Producers for the art show say this exhibit is quite different from an art exhibit at a science fiction convention or even other Pagan conventions.  “This is one of the things that makes our project different from, for instance, a typical science fiction con, where anything and everything that might possibly  relate to the SF scene is brought together in a fairly chaotic assemblage,” says Paul Rucker, co-producer for The Third Offering.  “We are combining the atmosphere of a gallery with a temple. And to my knowledge, there is no other indoor Pagan con, not even Pantheacon, that is doing anything quite like this.”

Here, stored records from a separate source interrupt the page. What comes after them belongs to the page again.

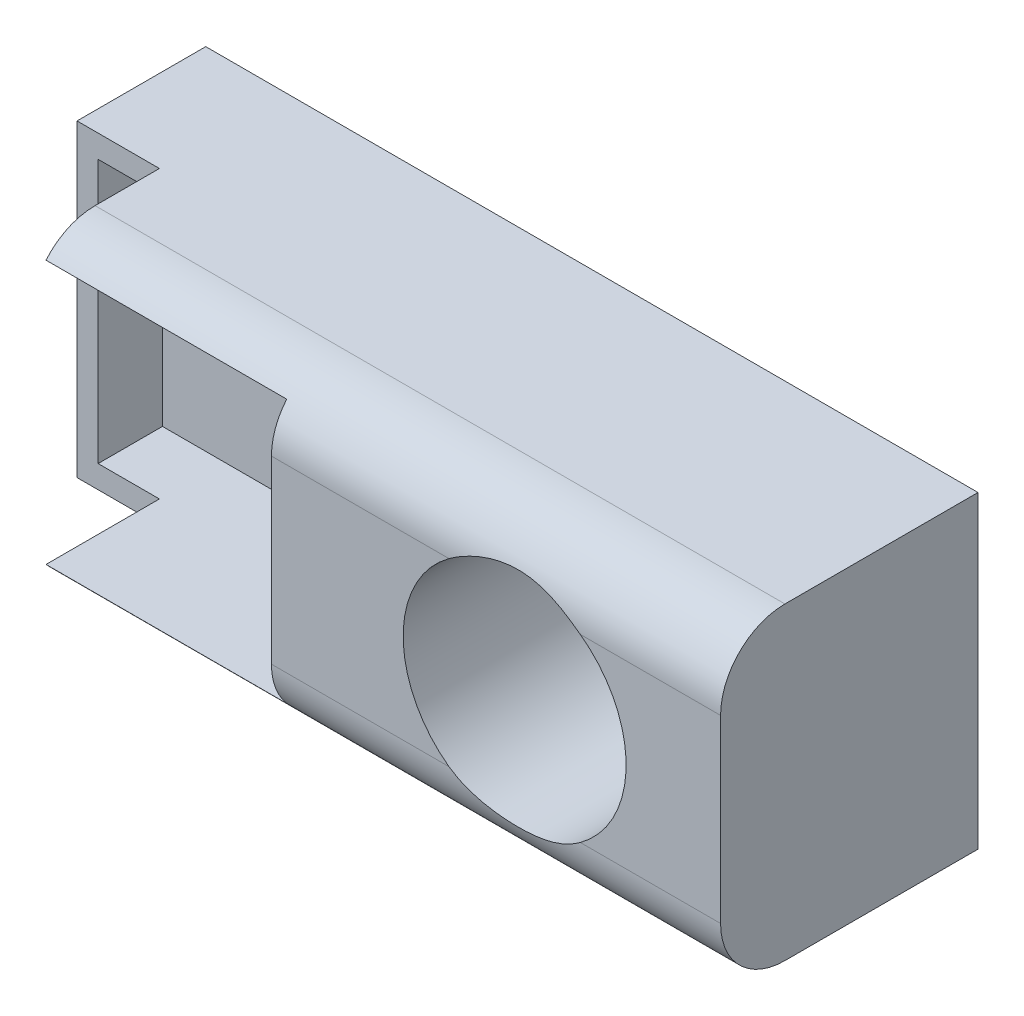
ISO-10303-21;
HEADER;
FILE_DESCRIPTION(('STEP AP214'),'2;1');
FILE_NAME('part.step','',(''),(''),'','','');
FILE_SCHEMA(('AUTOMOTIVE_DESIGN { 1 0 10303 214 1 1 1 1 }'));
ENDSEC;
DATA;
#1=APPLICATION_CONTEXT('core data for automotive mechanical design processes');
#2=APPLICATION_PROTOCOL_DEFINITION('international standard','automotive_design',2000,#1);
#3=PRODUCT_CONTEXT('',#1,'mechanical');
#4=PRODUCT('Part','Part','',(#3));
#5=PRODUCT_RELATED_PRODUCT_CATEGORY('part','',(#4));
#6=PRODUCT_DEFINITION_FORMATION('','',#4);
#7=PRODUCT_DEFINITION_CONTEXT('part definition',#1,'design');
#8=PRODUCT_DEFINITION('design','',#6,#7);
#9=PRODUCT_DEFINITION_SHAPE('','',#8);
#10=(LENGTH_UNIT() NAMED_UNIT(*) SI_UNIT(.MILLI.,.METRE.));
#11=(NAMED_UNIT(*) PLANE_ANGLE_UNIT() SI_UNIT($,.RADIAN.));
#12=(NAMED_UNIT(*) SI_UNIT($,.STERADIAN.) SOLID_ANGLE_UNIT());
#13=UNCERTAINTY_MEASURE_WITH_UNIT(LENGTH_MEASURE(1.E-05),#10,'distance_accuracy_value','');
#14=(GEOMETRIC_REPRESENTATION_CONTEXT(3) GLOBAL_UNCERTAINTY_ASSIGNED_CONTEXT((#13)) GLOBAL_UNIT_ASSIGNED_CONTEXT((#10,
#11,#12)) REPRESENTATION_CONTEXT('',''));
#15=CARTESIAN_POINT('',(0.,0.,0.));
#16=DIRECTION('',(0.,0.,1.));
#17=DIRECTION('',(1.,0.,0.));
#18=AXIS2_PLACEMENT_3D('',#15,#16,#17);
#19=CARTESIAN_POINT('',(9.525,3.81,6.35));
#20=DIRECTION('',(0.,0.,-1.));
#21=DIRECTION('',(-1.,0.,0.));
#22=AXIS2_PLACEMENT_3D('',#19,#20,#21);
#23=PLANE('',#22);
#24=DIRECTION('',(0.,1.,0.));
#25=VECTOR('',#24,1.);
#26=CARTESIAN_POINT('',(-1.555,-3.25,6.35));
#27=LINE('',#26,#25);
#28=CARTESIAN_POINT('',(-1.555,-2.2225,6.35));
#29=VERTEX_POINT('',#28);
#30=CARTESIAN_POINT('',(-1.555,2.2225,6.35));
#31=VERTEX_POINT('',#30);
#32=EDGE_CURVE('E195',#29,#31,#27,.T.);
#33=ORIENTED_EDGE('',*,*,#32,.F.);
#34=DIRECTION('',(1.,0.,0.));
#35=VECTOR('',#34,1.);
#36=CARTESIAN_POINT('',(9.525,-2.2225,6.35));
#37=LINE('',#36,#35);
#38=CARTESIAN_POINT('',(2.82543408593537,-2.2225,6.35));
#39=VERTEX_POINT('',#38);
#40=EDGE_CURVE('E244',#29,#39,#37,.T.);
#41=ORIENTED_EDGE('',*,*,#40,.T.);
#42=CARTESIAN_POINT('',(4.445,0.,6.35));
#43=DIRECTION('',(0.,0.,1.));
#44=DIRECTION('',(1.,0.,0.));
#45=AXIS2_PLACEMENT_3D('',#42,#43,#44);
#46=CIRCLE('',#45,2.75);
#47=CARTESIAN_POINT('',(2.82543408593537,2.2225,6.35));
#48=VERTEX_POINT('',#47);
#49=EDGE_CURVE('E207',#48,#39,#46,.T.);
#50=ORIENTED_EDGE('',*,*,#49,.F.);
#51=DIRECTION('',(-1.,0.,0.));
#52=VECTOR('',#51,1.);
#53=CARTESIAN_POINT('',(9.525,2.2225,6.35));
#54=LINE('',#53,#52);
#55=EDGE_CURVE('E237',#48,#31,#54,.T.);
#56=ORIENTED_EDGE('',*,*,#55,.T.);
#57=EDGE_LOOP('',(#33,#41,#50,#56));
#58=FACE_BOUND('',#57,.T.);
#59=ADVANCED_FACE('F30',(#58),#23,.F.);
#60=CARTESIAN_POINT('',(-9.005,-3.25,6.35));
#61=DIRECTION('',(0.,1.,0.));
#62=DIRECTION('',(0.,0.,1.));
#63=AXIS2_PLACEMENT_3D('',#60,#61,#62);
#64=PLANE('',#63);
#65=DIRECTION('',(0.,0.,-1.));
#66=VECTOR('',#65,1.);
#67=CARTESIAN_POINT('',(-7.49299999999999,-3.25,6.35));
#68=LINE('',#67,#66);
#69=CARTESIAN_POINT('',(-7.49299999999999,-3.25,5.97262396059247));
#70=VERTEX_POINT('',#69);
#71=CARTESIAN_POINT('',(-7.49299999999999,-3.25,3.175));
#72=VERTEX_POINT('',#71);
#73=EDGE_CURVE('E193',#70,#72,#68,.T.);
#74=ORIENTED_EDGE('',*,*,#73,.F.);
#75=DIRECTION('',(1.,0.,0.));
#76=VECTOR('',#75,1.);
#77=CARTESIAN_POINT('',(-7.49299999999999,-3.25,5.97262396059247));
#78=LINE('',#77,#76);
#79=CARTESIAN_POINT('',(-1.555,-3.25,5.97262396059247));
#80=VERTEX_POINT('',#79);
#81=EDGE_CURVE('E152',#70,#80,#78,.T.);
#82=ORIENTED_EDGE('',*,*,#81,.T.);
#83=DIRECTION('',(0.,0.,-1.));
#84=VECTOR('',#83,1.);
#85=CARTESIAN_POINT('',(-1.555,-3.25,6.35));
#86=LINE('',#85,#84);
#87=CARTESIAN_POINT('',(-1.555,-3.25,1.5875));
#88=VERTEX_POINT('',#87);
#89=EDGE_CURVE('E144',#80,#88,#86,.T.);
#90=ORIENTED_EDGE('',*,*,#89,.T.);
#91=DIRECTION('',(-1.,0.,0.));
#92=VECTOR('',#91,1.);
#93=CARTESIAN_POINT('',(-1.555,-3.25,1.5875));
#94=LINE('',#93,#92);
#95=CARTESIAN_POINT('',(-9.005,-3.25,1.5875));
#96=VERTEX_POINT('',#95);
#97=EDGE_CURVE('E149',#88,#96,#94,.T.);
#98=ORIENTED_EDGE('',*,*,#97,.T.);
#99=DIRECTION('',(0.,0.,-1.));
#100=VECTOR('',#99,1.);
#101=CARTESIAN_POINT('',(-9.005,-3.25,6.35));
#102=LINE('',#101,#100);
#103=CARTESIAN_POINT('',(-9.005,-3.25,3.175));
#104=VERTEX_POINT('',#103);
#105=EDGE_CURVE('E198',#104,#96,#102,.T.);
#106=ORIENTED_EDGE('',*,*,#105,.F.);
#107=DIRECTION('',(-1.,0.,0.));
#108=VECTOR('',#107,1.);
#109=CARTESIAN_POINT('',(-9.005,-3.25,3.175));
#110=LINE('',#109,#108);
#111=EDGE_CURVE('E191',#72,#104,#110,.T.);
#112=ORIENTED_EDGE('',*,*,#111,.F.);
#113=EDGE_LOOP('',(#74,#82,#90,#98,#106,#112));
#114=FACE_BOUND('',#113,.T.);
#115=ADVANCED_FACE('F147',(#114),#64,.T.);
#116=CARTESIAN_POINT('',(-1.555,-3.25,6.35));
#117=DIRECTION('',(-1.,0.,0.));
#118=DIRECTION('',(0.,0.,1.));
#119=AXIS2_PLACEMENT_3D('',#116,#117,#118);
#120=PLANE('',#119);
#121=ORIENTED_EDGE('',*,*,#89,.F.);
#122=CARTESIAN_POINT('',(-1.555,-2.2225,4.7625));
#123=DIRECTION('',(-1.,0.,0.));
#124=DIRECTION('',(0.,0.,1.));
#125=AXIS2_PLACEMENT_3D('',#122,#123,#124);
#126=CIRCLE('',#125,1.5875);
#127=EDGE_CURVE('E314',#80,#29,#126,.T.);
#128=ORIENTED_EDGE('',*,*,#127,.T.);
#129=ORIENTED_EDGE('',*,*,#32,.T.);
#130=CARTESIAN_POINT('',(-1.555,2.2225,4.7625));
#131=DIRECTION('',(-1.,0.,0.));
#132=DIRECTION('',(0.,0.,1.));
#133=AXIS2_PLACEMENT_3D('',#130,#131,#132);
#134=CIRCLE('',#133,1.5875);
#135=CARTESIAN_POINT('',(-1.555,3.25,5.97262396059247));
#136=VERTEX_POINT('',#135);
#137=EDGE_CURVE('E330',#31,#136,#134,.T.);
#138=ORIENTED_EDGE('',*,*,#137,.T.);
#139=DIRECTION('',(0.,0.,-1.));
#140=VECTOR('',#139,1.);
#141=CARTESIAN_POINT('',(-1.555,3.25,6.35));
#142=LINE('',#141,#140);
#143=CARTESIAN_POINT('',(-1.555,3.25,1.5875));
#144=VERTEX_POINT('',#143);
#145=EDGE_CURVE('E157',#136,#144,#142,.T.);
#146=ORIENTED_EDGE('',*,*,#145,.T.);
#147=DIRECTION('',(0.,-1.,0.));
#148=VECTOR('',#147,1.);
#149=CARTESIAN_POINT('',(-1.555,3.25,1.5875));
#150=LINE('',#149,#148);
#151=EDGE_CURVE('E162',#144,#88,#150,.T.);
#152=ORIENTED_EDGE('',*,*,#151,.T.);
#153=EDGE_LOOP('',(#121,#128,#129,#138,#146,#152));
#154=FACE_BOUND('',#153,.T.);
#155=ADVANCED_FACE('F167',(#154),#120,.T.);
#156=CARTESIAN_POINT('',(-1.555,3.25,6.35));
#157=DIRECTION('',(0.,-1.,0.));
#158=DIRECTION('',(0.,0.,-1.));
#159=AXIS2_PLACEMENT_3D('',#156,#157,#158);
#160=PLANE('',#159);
#161=ORIENTED_EDGE('',*,*,#145,.F.);
#162=DIRECTION('',(-1.,0.,0.));
#163=VECTOR('',#162,1.);
#164=CARTESIAN_POINT('',(-1.555,3.25,5.97262396059247));
#165=LINE('',#164,#163);
#166=CARTESIAN_POINT('',(-7.49299999999999,3.25,5.97262396059247));
#167=VERTEX_POINT('',#166);
#168=EDGE_CURVE('E53',#136,#167,#165,.T.);
#169=ORIENTED_EDGE('',*,*,#168,.T.);
#170=DIRECTION('',(0.,0.,1.));
#171=VECTOR('',#170,1.);
#172=CARTESIAN_POINT('',(-7.49299999999999,3.25,6.35));
#173=LINE('',#172,#171);
#174=CARTESIAN_POINT('',(-7.49299999999999,3.25,3.175));
#175=VERTEX_POINT('',#174);
#176=EDGE_CURVE('E235',#175,#167,#173,.T.);
#177=ORIENTED_EDGE('',*,*,#176,.F.);
#178=DIRECTION('',(1.,0.,0.));
#179=VECTOR('',#178,1.);
#180=CARTESIAN_POINT('',(-1.555,3.25,3.175));
#181=LINE('',#180,#179);
#182=CARTESIAN_POINT('',(-9.005,3.25,3.175));
#183=VERTEX_POINT('',#182);
#184=EDGE_CURVE('E186',#183,#175,#181,.T.);
#185=ORIENTED_EDGE('',*,*,#184,.F.);
#186=DIRECTION('',(0.,0.,-1.));
#187=VECTOR('',#186,1.);
#188=CARTESIAN_POINT('',(-9.005,3.25,6.35));
#189=LINE('',#188,#187);
#190=CARTESIAN_POINT('',(-9.005,3.25,1.5875));
#191=VERTEX_POINT('',#190);
#192=EDGE_CURVE('E200',#183,#191,#189,.T.);
#193=ORIENTED_EDGE('',*,*,#192,.T.);
#194=DIRECTION('',(1.,0.,0.));
#195=VECTOR('',#194,1.);
#196=CARTESIAN_POINT('',(-1.555,3.25,1.5875));
#197=LINE('',#196,#195);
#198=EDGE_CURVE('E171',#191,#144,#197,.T.);
#199=ORIENTED_EDGE('',*,*,#198,.T.);
#200=EDGE_LOOP('',(#161,#169,#177,#185,#193,#199));
#201=FACE_BOUND('',#200,.T.);
#202=ADVANCED_FACE('F333',(#201),#160,.T.);
#203=CARTESIAN_POINT('',(-9.005,3.25,6.35));
#204=DIRECTION('',(1.,0.,0.));
#205=DIRECTION('',(0.,0.,-1.));
#206=AXIS2_PLACEMENT_3D('',#203,#204,#205);
#207=PLANE('',#206);
#208=ORIENTED_EDGE('',*,*,#105,.T.);
#209=DIRECTION('',(0.,1.,0.));
#210=VECTOR('',#209,1.);
#211=CARTESIAN_POINT('',(-9.005,3.25,1.5875));
#212=LINE('',#211,#210);
#213=EDGE_CURVE('E165',#96,#191,#212,.T.);
#214=ORIENTED_EDGE('',*,*,#213,.T.);
#215=ORIENTED_EDGE('',*,*,#192,.F.);
#216=DIRECTION('',(0.,1.,0.));
#217=VECTOR('',#216,1.);
#218=CARTESIAN_POINT('',(-9.005,3.25,3.175));
#219=LINE('',#218,#217);
#220=EDGE_CURVE('E233',#104,#183,#219,.T.);
#221=ORIENTED_EDGE('',*,*,#220,.F.);
#222=EDGE_LOOP('',(#208,#214,#215,#221));
#223=FACE_BOUND('',#222,.T.);
#224=ADVANCED_FACE('F272',(#223),#207,.T.);
#225=CARTESIAN_POINT('',(6.06456591406463,-2.2225,6.35));
#226=VERTEX_POINT('',#225);
#227=CARTESIAN_POINT('',(6.06456591406463,2.2225,6.35));
#228=VERTEX_POINT('',#227);
#229=EDGE_CURVE('E204',#226,#228,#46,.T.);
#230=ORIENTED_EDGE('',*,*,#229,.F.);
#231=DIRECTION('',(1.,0.,0.));
#232=VECTOR('',#231,1.);
#233=CARTESIAN_POINT('',(9.525,-2.2225,6.35));
#234=LINE('',#233,#232);
#235=CARTESIAN_POINT('',(9.52500000000001,-2.2225,6.35));
#236=VERTEX_POINT('',#235);
#237=EDGE_CURVE('E242',#226,#236,#234,.T.);
#238=ORIENTED_EDGE('',*,*,#237,.T.);
#239=DIRECTION('',(0.,1.,0.));
#240=VECTOR('',#239,1.);
#241=CARTESIAN_POINT('',(9.52500000000001,-3.81,6.35));
#242=LINE('',#241,#240);
#243=CARTESIAN_POINT('',(9.52500000000001,2.2225,6.35));
#244=VERTEX_POINT('',#243);
#245=EDGE_CURVE('E210',#236,#244,#242,.T.);
#246=ORIENTED_EDGE('',*,*,#245,.T.);
#247=DIRECTION('',(-1.,0.,0.));
#248=VECTOR('',#247,1.);
#249=CARTESIAN_POINT('',(9.525,2.2225,6.35));
#250=LINE('',#249,#248);
#251=EDGE_CURVE('E239',#244,#228,#250,.T.);
#252=ORIENTED_EDGE('',*,*,#251,.T.);
#253=EDGE_LOOP('',(#230,#238,#246,#252));
#254=FACE_BOUND('',#253,.T.);
#255=ADVANCED_FACE('F267',(#254),#23,.F.);
#256=CARTESIAN_POINT('',(9.525,3.81,0.));
#257=DIRECTION('',(0.,0.,-1.));
#258=DIRECTION('',(-1.,0.,0.));
#259=AXIS2_PLACEMENT_3D('',#256,#257,#258);
#260=PLANE('',#259);
#261=CARTESIAN_POINT('',(4.445,0.,0.));
#262=DIRECTION('',(0.,0.,1.));
#263=DIRECTION('',(1.,0.,0.));
#264=AXIS2_PLACEMENT_3D('',#261,#262,#263);
#265=CIRCLE('',#264,2.75);
#266=CARTESIAN_POINT('',(7.195,0.,0.));
#267=VERTEX_POINT('',#266);
#268=EDGE_CURVE('E156',#267,#267,#265,.T.);
#269=ORIENTED_EDGE('',*,*,#268,.T.);
#270=EDGE_LOOP('',(#269));
#271=FACE_BOUND('',#270,.T.);
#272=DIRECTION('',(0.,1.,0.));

The idea for this year’s gallery began with an art exhibit that Rucker and fellow Helga HedgeWalker created for Paganicon 2012.  It was open for only two hours, but the positive response by attendees convinced the Paganicon board to expand the concept and have it open throughout the duration of the convention.  Rucker and HedgeWalker were asked to design and co-produce the prototype  for this exhibition this year.

The name for the exhibit, The Third Offering, comes from local ritualist and historian Steven Posch. Posch and HedgeWalker belong to the same coven, which made three  offerings to Minnehaha Falls at the autumn 2012 Pagan Pride festival.  The first sacred offering was water, the second was bread, while the third offering was rose petals, representing beauty. “Steve’s model of the “three offerings”  not only demonstrates the value of making beauty, of creativity, as valid and essential components of experiencing the sacred, but also, as I came to see, a useful way of picturing cultural maturity,” said Rucker.  He went on to say that when concerns for survival, legitimacy, and other cultural basics are addressed, space is made for beauty. “I suggested calling our exhibition space,  “The Third Offering Gallery” to highlight the importance of Beauty as food for the soul, and for an evolving culture.”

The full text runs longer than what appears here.